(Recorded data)
______________________________
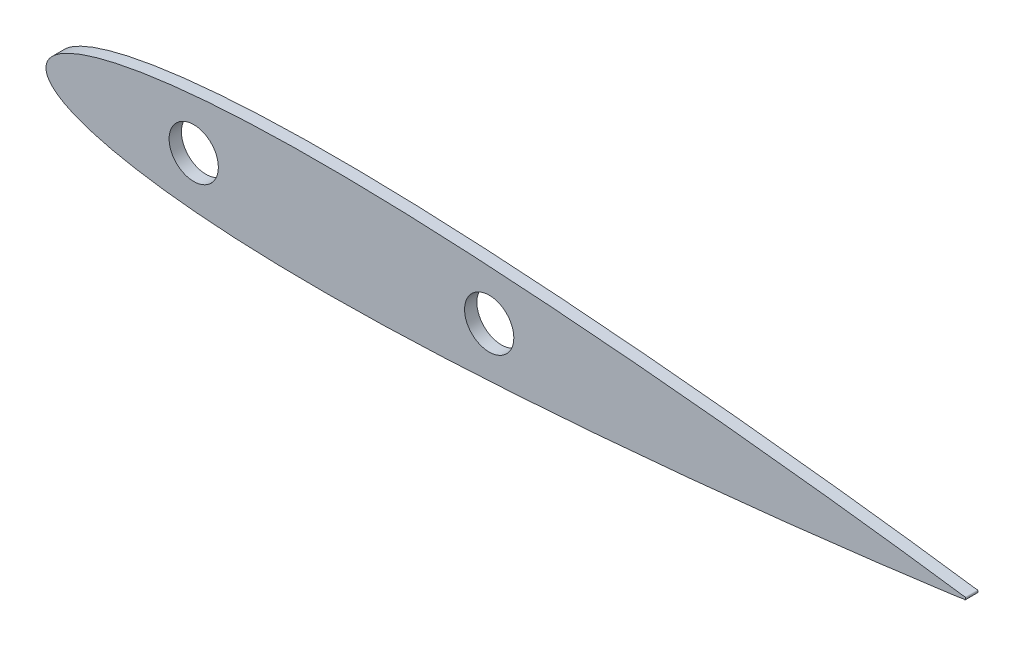
ISO-10303-21;
HEADER;
FILE_DESCRIPTION(('STEP AP214'),'2;1');
FILE_NAME('part.step','',(''),(''),'','','');
FILE_SCHEMA(('AUTOMOTIVE_DESIGN { 1 0 10303 214 1 1 1 1 }'));
ENDSEC;
DATA;
#1=APPLICATION_CONTEXT('core data for automotive mechanical design processes');
#2=APPLICATION_PROTOCOL_DEFINITION('international standard','automotive_design',2000,#1);
#3=PRODUCT_CONTEXT('',#1,'mechanical');
#4=PRODUCT('Part','Part','',(#3));
#5=PRODUCT_RELATED_PRODUCT_CATEGORY('part','',(#4));
#6=PRODUCT_DEFINITION_FORMATION('','',#4);
#7=PRODUCT_DEFINITION_CONTEXT('part definition',#1,'design');
#8=PRODUCT_DEFINITION('design','',#6,#7);
#9=PRODUCT_DEFINITION_SHAPE('','',#8);
#10=(LENGTH_UNIT() NAMED_UNIT(*) SI_UNIT(.MILLI.,.METRE.));
#11=(NAMED_UNIT(*) PLANE_ANGLE_UNIT() SI_UNIT($,.RADIAN.));
#12=(NAMED_UNIT(*) SI_UNIT($,.STERADIAN.) SOLID_ANGLE_UNIT());
#13=UNCERTAINTY_MEASURE_WITH_UNIT(LENGTH_MEASURE(1.E-05),#10,'distance_accuracy_value','');
#14=(GEOMETRIC_REPRESENTATION_CONTEXT(3) GLOBAL_UNCERTAINTY_ASSIGNED_CONTEXT((#13)) GLOBAL_UNIT_ASSIGNED_CONTEXT((#10,
#11,#12)) REPRESENTATION_CONTEXT('',''));
#15=CARTESIAN_POINT('',(0.,0.,0.));
#16=DIRECTION('',(0.,0.,1.));
#17=DIRECTION('',(1.,0.,0.));
#18=AXIS2_PLACEMENT_3D('',#15,#16,#17);
#19=CARTESIAN_POINT('',(237.0836,0.298725336,-3.175));
#20=CARTESIAN_POINT('',(236.995594177064,0.372475408342833,-3.175));
#21=CARTESIAN_POINT('',(236.426976915333,0.302841036144174,-3.175));
#22=CARTESIAN_POINT('',(235.41441473791,0.58787825322186,-3.175));
#23=CARTESIAN_POINT('',(233.557510405931,0.764057301815469,-3.175));
#24=CARTESIAN_POINT('',(231.055978259044,1.14215915390771,-3.175));
#25=CARTESIAN_POINT('',(227.833630131041,1.56409556437414,-3.175));
#26=CARTESIAN_POINT('',(223.947681724934,2.08411279295066,-3.175));
#27=CARTESIAN_POINT('',(219.408243113523,2.67194286821277,-3.175));
#28=CARTESIAN_POINT('',(214.248186400854,3.3264154433565,-3.175));
#29=CARTESIAN_POINT('',(208.497669056434,4.03606524010362,-3.175));
#30=CARTESIAN_POINT('',(202.192664292081,4.79128816807731,-3.175));
#31=CARTESIAN_POINT('',(195.371926846981,5.5827172587729,-3.175));
#32=CARTESIAN_POINT('',(188.077459080505,6.39957740326463,-3.175));
#33=CARTESIAN_POINT('',(180.354259346135,7.23189540042881,-3.175));
#34=CARTESIAN_POINT('',(172.249998357399,8.06933375412243,-3.175));
#35=CARTESIAN_POINT('',(163.814621862154,8.90108319346206,-3.175));
#36=CARTESIAN_POINT('',(155.100159759816,9.71546845477633,-3.175));
#37=CARTESIAN_POINT('',(146.160279483536,10.5017983401667,-3.175));
#38=CARTESIAN_POINT('',(137.050196099232,11.2469268213346,-3.175));
#39=CARTESIAN_POINT('',(127.825887084772,11.938704548657,-3.175));
#40=CARTESIAN_POINT('',(118.544307175963,12.564288116668,-3.175));
#41=CARTESIAN_POINT('',(109.262643888939,13.1105971127119,-3.175));
#42=CARTESIAN_POINT('',(100.038037253464,13.563829728713,-3.175));
#43=CARTESIAN_POINT('',(90.9274581455417,13.9119000953402,-3.175));
#44=CARTESIAN_POINT('',(81.9868134878278,14.1434528505076,-3.175));
#45=CARTESIAN_POINT('',(73.2713546398796,14.2471780807204,-3.175));
#46=CARTESIAN_POINT('',(64.8346344903156,14.2148441078441,-3.175));
#47=CARTESIAN_POINT('',(56.7286676185947,14.0402053636085,-3.175));
#48=CARTESIAN_POINT('',(49.0033499510361,13.7188349467634,-3.175));
#49=CARTESIAN_POINT('',(41.7062322985072,13.2498922023958,-3.175));
#50=CARTESIAN_POINT('',(34.8821630118159,12.6347881482418,-3.175));
#51=CARTESIAN_POINT('',(28.5729005372088,11.8783267733156,-3.175));
#52=CARTESIAN_POINT('',(22.8169018512922,10.9869444443621,-3.175));
#53=CARTESIAN_POINT('',(17.6490469137659,9.96995088795665,-3.175));
#54=CARTESIAN_POINT('',(13.0996252335267,8.83884552174934,-3.175));
#55=CARTESIAN_POINT('',(9.19448859826564,7.60465803357858,-3.175));
#56=CARTESIAN_POINT('',(5.95347766425118,6.27888316579985,-3.175));
#57=CARTESIAN_POINT('',(3.38692810552131,4.87049040865518,-3.175));
#58=CARTESIAN_POINT('',(1.49878923010834,3.37670002922291,-3.175));
#59=CARTESIAN_POINT('',(0.289451642221712,1.76137384384579,-3.175));
#60=CARTESIAN_POINT('',(-0.134894756530488,0.,-3.175));
#61=CARTESIAN_POINT('',(0.289451642221708,-1.76137384384578,-3.175));
#62=CARTESIAN_POINT('',(1.49878923010833,-3.3767000292229,-3.175));
#63=CARTESIAN_POINT('',(3.38692810552134,-4.8704904086552,-3.175));
#64=CARTESIAN_POINT('',(5.95347766425114,-6.27888316579983,-3.175));
#65=CARTESIAN_POINT('',(9.19448859826567,-7.60465803357859,-3.175));
#66=CARTESIAN_POINT('',(13.0996252335267,-8.83884552174934,-3.175));
#67=CARTESIAN_POINT('',(17.6490469137659,-9.96995088795666,-3.175));
#68=CARTESIAN_POINT('',(22.8169018512922,-10.9869444443621,-3.175));
#69=CARTESIAN_POINT('',(28.5729005372088,-11.8783267733156,-3.175));
#70=CARTESIAN_POINT('',(34.8821630118159,-12.6347881482418,-3.175));
#71=CARTESIAN_POINT('',(41.7062322985073,-13.2498922023958,-3.175));
#72=CARTESIAN_POINT('',(49.0033499510361,-13.7188349467634,-3.175));
#73=CARTESIAN_POINT('',(56.7286676185946,-14.0402053636085,-3.175));
#74=CARTESIAN_POINT('',(64.8346344903157,-14.2148441078441,-3.175));
#75=CARTESIAN_POINT('',(73.2713546398795,-14.2471780807204,-3.175));
#76=CARTESIAN_POINT('',(81.9868134878278,-14.1434528505076,-3.175));
#77=CARTESIAN_POINT('',(90.9274581455417,-13.9119000953402,-3.175));
#78=CARTESIAN_POINT('',(100.038037253464,-13.563829728713,-3.175));
#79=CARTESIAN_POINT('',(109.262643888939,-13.1105971127119,-3.175));
#80=CARTESIAN_POINT('',(118.544307175963,-12.564288116668,-3.175));
#81=CARTESIAN_POINT('',(127.825887084772,-11.938704548657,-3.175));
#82=CARTESIAN_POINT('',(137.050196099232,-11.2469268213346,-3.175));
#83=CARTESIAN_POINT('',(146.160279483536,-10.5017983401667,-3.175));
#84=CARTESIAN_POINT('',(155.100159759816,-9.71546845477633,-3.175));
#85=CARTESIAN_POINT('',(163.814621862154,-8.90108319346206,-3.175));
#86=CARTESIAN_POINT('',(172.249998357399,-8.06933375412243,-3.175));
#87=CARTESIAN_POINT('',(180.354259346135,-7.23189540042882,-3.175));
#88=CARTESIAN_POINT('',(188.077459080506,-6.39957740326463,-3.175));
#89=CARTESIAN_POINT('',(195.371926846981,-5.5827172587729,-3.175));
#90=CARTESIAN_POINT('',(202.192664292081,-4.79128816807731,-3.175));
#91=CARTESIAN_POINT('',(208.497669056435,-4.03606524010363,-3.175));
#92=CARTESIAN_POINT('',(214.248186400854,-3.32641544335649,-3.175));
#93=CARTESIAN_POINT('',(219.408243113523,-2.67194286821277,-3.175));
#94=CARTESIAN_POINT('',(223.947681724933,-2.08411279295066,-3.175));
#95=CARTESIAN_POINT('',(227.833630131041,-1.56409556437413,-3.175));
#96=CARTESIAN_POINT('',(231.055978259044,-1.14215915390771,-3.175));
#97=CARTESIAN_POINT('',(233.557510405931,-0.764057301815473,-3.175));
#98=CARTESIAN_POINT('',(235.41441473791,-0.587878253221858,-3.175));
#99=CARTESIAN_POINT('',(236.426976915333,-0.302841036144166,-3.175));
#100=CARTESIAN_POINT('',(237.226122794749,-0.400706551937491,-3.175));
#101=CARTESIAN_POINT('',(237.226122794749,0.179289302422103,-3.175));
#102=CARTESIAN_POINT('',(237.0836,0.298725336,-3.175));
#103=B_SPLINE_CURVE_WITH_KNOTS('',3,(#19,#20,#21,#22,#23,#24,#25,#26,#27,#28,#29,#30,#31,#32,
#33,#34,#35,#36,#37,#38,#39,#40,#41,#42,#43,#44,#45,#46,#47,#48,#49,#50,#51,#52,#53,#54,#55,#56,
#57,#58,#59,#60,#61,#62,#63,#64,#65,#66,#67,#68,#69,#70,#71,#72,#73,#74,#75,#76,#77,#78,#79,#80,
#81,#82,#83,#84,#85,#86,#87,#88,#89,#90,#91,#92,#93,#94,#95,#96,#97,#98,#99,#100,#101,#102),
.UNSPECIFIED.,.T.,.F.,(4,1,1,1,1,1,1,1,1,1,1,1,1,1,1,1,1,1,1,1,1,1,1,1,1,1,1,1,1,1,1,1,1,1,1,1,
1,1,1,1,1,1,1,1,1,1,1,1,1,1,1,1,1,1,1,1,1,1,1,1,1,1,1,1,1,1,1,1,1,1,1,1,1,1,1,1,1,1,1,1,1,4),
(0.,0.000762214651028519,0.00304470631082171,0.00683224554312913,0.0121011758037585,
0.0188175356586858,0.026939454793122,0.0364148482585567,0.0471846285955963,0.0591804130998147,
0.0723278736139124,0.0865440610891482,0.101740580336553,0.117823336433574,0.134691452208322,
0.152240154447154,0.170361289964637,0.188941007849542,0.207865435445639,0.227016078022501,
0.246275695980001,0.265524943249895,0.284644966110444,0.303520118268661,0.322034575374331,
0.340078352914118,0.357542593241702,0.374325481920834,0.390329890871888,0.405463889739095,
0.419643801445685,0.43279337139134,0.444843816743186,0.455737920704734,0.465428653233084,
0.473886320085416,0.481101634077568,0.487101684418678,0.491975368345093,0.495930677807379,
0.499382808099288,0.502834938391198,0.506790247853484,0.511663931779898,0.517663982121008,
0.524879296113161,0.533336962965492,0.543027695493843,0.553921799455391,0.565972244807237,
0.579121814752892,0.593301726459482,0.608435725326689,0.624440134277742,0.641223022956875,
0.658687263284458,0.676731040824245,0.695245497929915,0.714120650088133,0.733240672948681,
______________________________
**YOUR OBJECTIVE**
What is needed is each line of the entries that contains the word "mechanical".

**TASK OUTPUT**
#1=APPLICATION_CONTEXT('core data for automotive mechanical design processes');
#3=PRODUCT_CONTEXT('',#1,'mechanical');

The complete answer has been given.